### Goal of the exercise:
Of all the lines below, return only those starting with the line holding "#7=PRODUCT_DEFINITION_CONTEXT('part definition',#1,'design');" and going on through the line holding "#37=DIRECTION('',(-1.,0.,0.));", exactly as written.

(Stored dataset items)

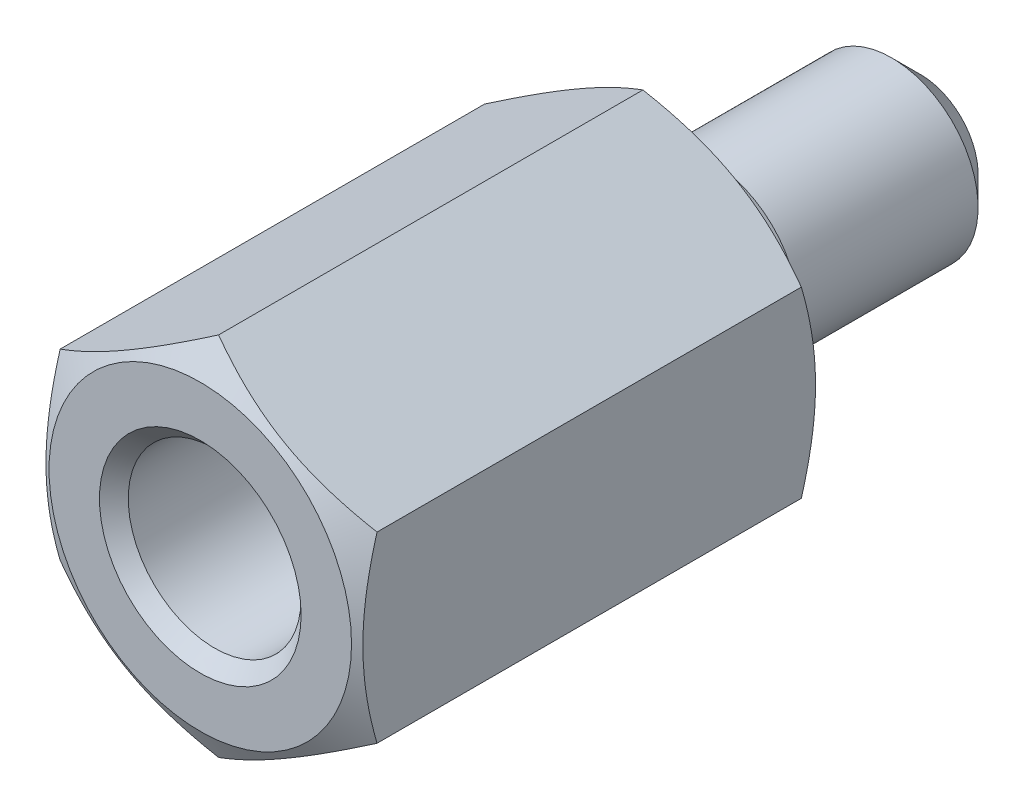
ISO-10303-21;
HEADER;
FILE_DESCRIPTION(('STEP AP214'),'2;1');
FILE_NAME('part.step','',(''),(''),'','','');
FILE_SCHEMA(('AUTOMOTIVE_DESIGN { 1 0 10303 214 1 1 1 1 }'));
ENDSEC;
DATA;
#1=APPLICATION_CONTEXT('core data for automotive mechanical design processes');
#2=APPLICATION_PROTOCOL_DEFINITION('international standard','automotive_design',2000,#1);
#3=PRODUCT_CONTEXT('',#1,'mechanical');
#4=PRODUCT('Part','Part','',(#3));
#5=PRODUCT_RELATED_PRODUCT_CATEGORY('part','',(#4));
#6=PRODUCT_DEFINITION_FORMATION('','',#4);
#7=PRODUCT_DEFINITION_CONTEXT('part definition',#1,'design');
#8=PRODUCT_DEFINITION('design','',#6,#7);
#9=PRODUCT_DEFINITION_SHAPE('','',#8);
#10=(LENGTH_UNIT() NAMED_UNIT(*) SI_UNIT(.MILLI.,.METRE.));
#11=(NAMED_UNIT(*) PLANE_ANGLE_UNIT() SI_UNIT($,.RADIAN.));
#12=(NAMED_UNIT(*) SI_UNIT($,.STERADIAN.) SOLID_ANGLE_UNIT());
#13=UNCERTAINTY_MEASURE_WITH_UNIT(LENGTH_MEASURE(1.E-05),#10,'distance_accuracy_value','');
#14=(GEOMETRIC_REPRESENTATION_CONTEXT(3) GLOBAL_UNCERTAINTY_ASSIGNED_CONTEXT((#13)) GLOBAL_UNIT_ASSIGNED_CONTEXT((#10,
#11,#12)) REPRESENTATION_CONTEXT('',''));
#15=CARTESIAN_POINT('',(0.,0.,0.));
#16=DIRECTION('',(0.,0.,1.));
#17=DIRECTION('',(1.,0.,0.));
#18=AXIS2_PLACEMENT_3D('',#15,#16,#17);
#19=CARTESIAN_POINT('',(0.,-12.7017059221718,0.));
#20=DIRECTION('',(0.,0.,-1.));
#21=DIRECTION('',(-1.,0.,0.));
#22=AXIS2_PLACEMENT_3D('',#19,#20,#21);
#23=PLANE('',#22);
#24=CARTESIAN_POINT('',(0.,0.,0.));
#25=DIRECTION('',(0.,0.,-1.));
#26=DIRECTION('',(-1.,0.,0.));
#27=AXIS2_PLACEMENT_3D('',#24,#25,#26);
#28=CIRCLE('',#27,5.1);
#29=CARTESIAN_POINT('',(-5.1,0.,0.));
#30=VERTEX_POINT('',#29);
#31=EDGE_CURVE('E23',#30,#30,#28,.F.);
#32=ORIENTED_EDGE('',*,*,#31,.T.);
#33=EDGE_LOOP('',(#32));
#34=FACE_BOUND('',#33,.T.);
#35=CARTESIAN_POINT('',(0.,0.,0.));
#36=DIRECTION('',(0.,0.,-1.));
#37=DIRECTION('',(-1.,0.,0.));
#38=AXIS2_PLACEMENT_3D('',#35,#36,#37);
#39=CIRCLE('',#38,10.5);
#40=CARTESIAN_POINT('',(-10.5,0.,0.));
#41=VERTEX_POINT('',#40);
#42=EDGE_CURVE('E73',#41,#41,#39,.T.);
#43=ORIENTED_EDGE('',*,*,#42,.T.);
#44=EDGE_LOOP('',(#43));
#45=FACE_BOUND('',#44,.T.);
#46=ADVANCED_FACE('F14',(#34,#45),#23,.T.);
#47=CARTESIAN_POINT('',(0.,0.,-18.));
#48=DIRECTION('',(0.,0.,1.));
#49=DIRECTION('',(1.,0.,0.));
#50=AXIS2_PLACEMENT_3D('',#47,#48,#49);
#51=CYLINDRICAL_SURFACE('',#50,6.);
#52=CARTESIAN_POINT('',(0.,0.,-3.5));
#53=DIRECTION('',(0.,0.,-1.));
#54=DIRECTION('',(-1.,0.,0.));
#55=AXIS2_PLACEMENT_3D('',#52,#53,#54);
#56=CIRCLE('',#55,6.);
#57=CARTESIAN_POINT('',(-6.,0.,-3.5));
#58=VERTEX_POINT('',#57);
#59=EDGE_CURVE('E233',#58,#58,#56,.T.);
#60=ORIENTED_EDGE('',*,*,#59,.T.);
#61=EDGE_LOOP('',(#60));
#62=FACE_BOUND('',#61,.T.);
#63=CARTESIAN_POINT('',(0.,0.,-16.));
#64=DIRECTION('',(0.,0.,-1.));
#65=DIRECTION('',(-1.,0.,0.));
#66=AXIS2_PLACEMENT_3D('',#63,#64,#65);
#67=CIRCLE('',#66,6.);
#68=CARTESIAN_POINT('',(-6.,0.,-16.));
#69=VERTEX_POINT('',#68);
#70=EDGE_CURVE('E85',#69,#69,#67,.F.);
#71=ORIENTED_EDGE('',*,*,#70,.T.);
#72=EDGE_LOOP('',(#71));
#73=FACE_BOUND('',#72,.T.);
#74=ADVANCED_FACE('F209',(#62,#73),#51,.T.);
#75=CARTESIAN_POINT('',(0.,0.,-18.));
#76=DIRECTION('',(0.,0.,-1.));
#77=DIRECTION('',(-1.,0.,0.));
#78=AXIS2_PLACEMENT_3D('',#75,#76,#77);
#79=PLANE('',#78);
#80=CARTESIAN_POINT('',(0.,0.,-18.));
#81=DIRECTION('',(0.,0.,-1.));
#82=DIRECTION('',(-1.,0.,0.));
#83=AXIS2_PLACEMENT_3D('',#80,#81,#82);
#84=CIRCLE('',#83,4.);
#85=CARTESIAN_POINT('',(-4.,0.,-18.));
#86=VERTEX_POINT('',#85);
#87=EDGE_CURVE('E82',#86,#86,#84,.T.);
#88=ORIENTED_EDGE('',*,*,#87,.T.);
#89=EDGE_LOOP('',(#88));
#90=FACE_BOUND('',#89,.T.);
#91=ADVANCED_FACE('F213',(#90),#79,.T.);
#92=CARTESIAN_POINT('',(0.,0.,-18.));
#93=DIRECTION('',(0.,0.,1.));
#94=DIRECTION('',(1.,0.,0.));
#95=AXIS2_PLACEMENT_3D('',#92,#93,#94);
#96=CONICAL_SURFACE('',#95,4.,0.785398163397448);
#97=ORIENTED_EDGE('',*,*,#70,.F.);
#98=EDGE_LOOP('',(#97));
#99=FACE_BOUND('',#98,.T.);
#100=ORIENTED_EDGE('',*,*,#87,.F.);
#101=EDGE_LOOP('',(#100));
#102=FACE_BOUND('',#101,.T.);
#103=ADVANCED_FACE('F216',(#99,#102),#96,.T.);
#104=CARTESIAN_POINT('',(0.,0.,-3.5));
#105=DIRECTION('',(0.,0.,-1.));
#106=DIRECTION('',(-1.,0.,0.));
#107=AXIS2_PLACEMENT_3D('',#104,#105,#106);
#108=PLANE('',#107);
#109=CARTESIAN_POINT('',(0.,0.,-3.5));
#110=DIRECTION('',(0.,0.,-1.));
#111=DIRECTION('',(-1.,0.,0.));
#112=AXIS2_PLACEMENT_3D('',#109,#110,#111);
#113=CIRCLE('',#112,5.1);
#114=CARTESIAN_POINT('',(-5.1,0.,-3.5));
#115=VERTEX_POINT('',#114);
#116=EDGE_CURVE('E93',#115,#115,#113,.T.);
#117=ORIENTED_EDGE('',*,*,#116,.T.);
#118=EDGE_LOOP('',(#117));
#119=FACE_BOUND('',#118,.T.);
#120=ORIENTED_EDGE('',*,*,#59,.F.);
#121=EDGE_LOOP('',(#120));
#122=FACE_BOUND('',#121,.T.);
#123=ADVANCED_FACE('F218',(#119,#122),#108,.F.);
#124=CARTESIAN_POINT('',(0.,0.,-3.5));
#125=DIRECTION('',(0.,0.,1.));
#126=DIRECTION('',(1.,0.,0.));
#127=AXIS2_PLACEMENT_3D('',#124,#125,#126);
#128=CYLINDRICAL_SURFACE('',#127,4.7);
#129=CARTESIAN_POINT('',(0.,0.,-3.1));
#130=DIRECTION('',(0.,0.,-1.));
#131=DIRECTION('',(-1.,0.,0.));
#132=AXIS2_PLACEMENT_3D('',#129,#130,#131);
#133=CIRCLE('',#132,4.7);
#134=CARTESIAN_POINT('',(-4.7,0.,-3.1));
#135=VERTEX_POINT('',#134);
#136=EDGE_CURVE('E99',#135,#135,#133,.F.);
#137=ORIENTED_EDGE('',*,*,#136,.T.);
#138=EDGE_LOOP('',(#137));
#139=FACE_BOUND('',#138,.T.);
#140=CARTESIAN_POINT('',(0.,0.,-0.4));
#141=DIRECTION('',(0.,0.,-1.));
#142=DIRECTION('',(-1.,0.,0.));
#143=AXIS2_PLACEMENT_3D('',#140,#141,#142);
#144=CIRCLE('',#143,4.7);
#145=CARTESIAN_POINT('',(-4.7,0.,-0.4));
#146=VERTEX_POINT('',#145);
#147=EDGE_CURVE('E96',#146,#146,#144,.T.);
#148=ORIENTED_EDGE('',*,*,#147,.T.);
#149=EDGE_LOOP('',(#148));
#150=FACE_BOUND('',#149,.T.);
#151=ADVANCED_FACE('F121',(#139,#150),#128,.T.);
#152=CARTESIAN_POINT('',(0.,0.,-3.1));
#153=DIRECTION('',(0.,0.,-1.));
#154=DIRECTION('',(-1.,0.,0.));
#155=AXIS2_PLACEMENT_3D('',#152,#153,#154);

### Answer to this problem:
#7=PRODUCT_DEFINITION_CONTEXT('part definition',#1,'design');
#8=PRODUCT_DEFINITION('design','',#6,#7);
#9=PRODUCT_DEFINITION_SHAPE('','',#8);
#10=(LENGTH_UNIT() NAMED_UNIT(*) SI_UNIT(.MILLI.,.METRE.));
#11=(NAMED_UNIT(*) PLANE_ANGLE_UNIT() SI_UNIT($,.RADIAN.));
#12=(NAMED_UNIT(*) SI_UNIT($,.STERADIAN.) SOLID_ANGLE_UNIT());
#13=UNCERTAINTY_MEASURE_WITH_UNIT(LENGTH_MEASURE(1.E-05),#10,'distance_accuracy_value','');
#14=(GEOMETRIC_REPRESENTATION_CONTEXT(3) GLOBAL_UNCERTAINTY_ASSIGNED_CONTEXT((#13)) GLOBAL_UNIT_ASSIGNED_CONTEXT((#10,
#11,#12)) REPRESENTATION_CONTEXT('',''));
#15=CARTESIAN_POINT('',(0.,0.,0.));
#16=DIRECTION('',(0.,0.,1.));
#17=DIRECTION('',(1.,0.,0.));
#18=AXIS2_PLACEMENT_3D('',#15,#16,#17);
#19=CARTESIAN_POINT('',(0.,-12.7017059221718,0.));
#20=DIRECTION('',(0.,0.,-1.));
#21=DIRECTION('',(-1.,0.,0.));
#22=AXIS2_PLACEMENT_3D('',#19,#20,#21);
#23=PLANE('',#22);
#24=CARTESIAN_POINT('',(0.,0.,0.));
#25=DIRECTION('',(0.,0.,-1.));
#26=DIRECTION('',(-1.,0.,0.));
#27=AXIS2_PLACEMENT_3D('',#24,#25,#26);
#28=CIRCLE('',#27,5.1);
#29=CARTESIAN_POINT('',(-5.1,0.,0.));
#30=VERTEX_POINT('',#29);
#31=EDGE_CURVE('E23',#30,#30,#28,.F.);
#32=ORIENTED_EDGE('',*,*,#31,.T.);
#33=EDGE_LOOP('',(#32));
#34=FACE_BOUND('',#33,.T.);
#35=CARTESIAN_POINT('',(0.,0.,0.));
#36=DIRECTION('',(0.,0.,-1.));
#37=DIRECTION('',(-1.,0.,0.));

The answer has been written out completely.